[Stored records]
########

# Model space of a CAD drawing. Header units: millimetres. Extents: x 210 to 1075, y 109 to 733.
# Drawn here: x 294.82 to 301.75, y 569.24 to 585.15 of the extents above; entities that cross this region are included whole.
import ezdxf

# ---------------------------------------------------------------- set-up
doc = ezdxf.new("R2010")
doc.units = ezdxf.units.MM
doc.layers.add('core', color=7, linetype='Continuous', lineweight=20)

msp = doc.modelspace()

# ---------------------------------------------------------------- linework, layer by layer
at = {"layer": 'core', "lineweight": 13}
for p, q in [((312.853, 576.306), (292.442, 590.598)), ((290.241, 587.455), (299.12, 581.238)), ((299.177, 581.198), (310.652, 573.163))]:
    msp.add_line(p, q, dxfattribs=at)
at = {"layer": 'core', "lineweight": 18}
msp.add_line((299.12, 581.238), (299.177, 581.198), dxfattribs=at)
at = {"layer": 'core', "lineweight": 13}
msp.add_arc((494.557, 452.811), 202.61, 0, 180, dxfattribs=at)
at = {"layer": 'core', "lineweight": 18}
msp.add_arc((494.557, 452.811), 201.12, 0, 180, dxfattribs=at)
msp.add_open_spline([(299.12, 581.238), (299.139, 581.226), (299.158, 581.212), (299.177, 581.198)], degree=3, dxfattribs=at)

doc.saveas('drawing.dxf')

########

Exercise brief
Looking at the entries above, say how many lines contain the word "ezdxf". Nothing but the number is needed.

Answer to this problem
3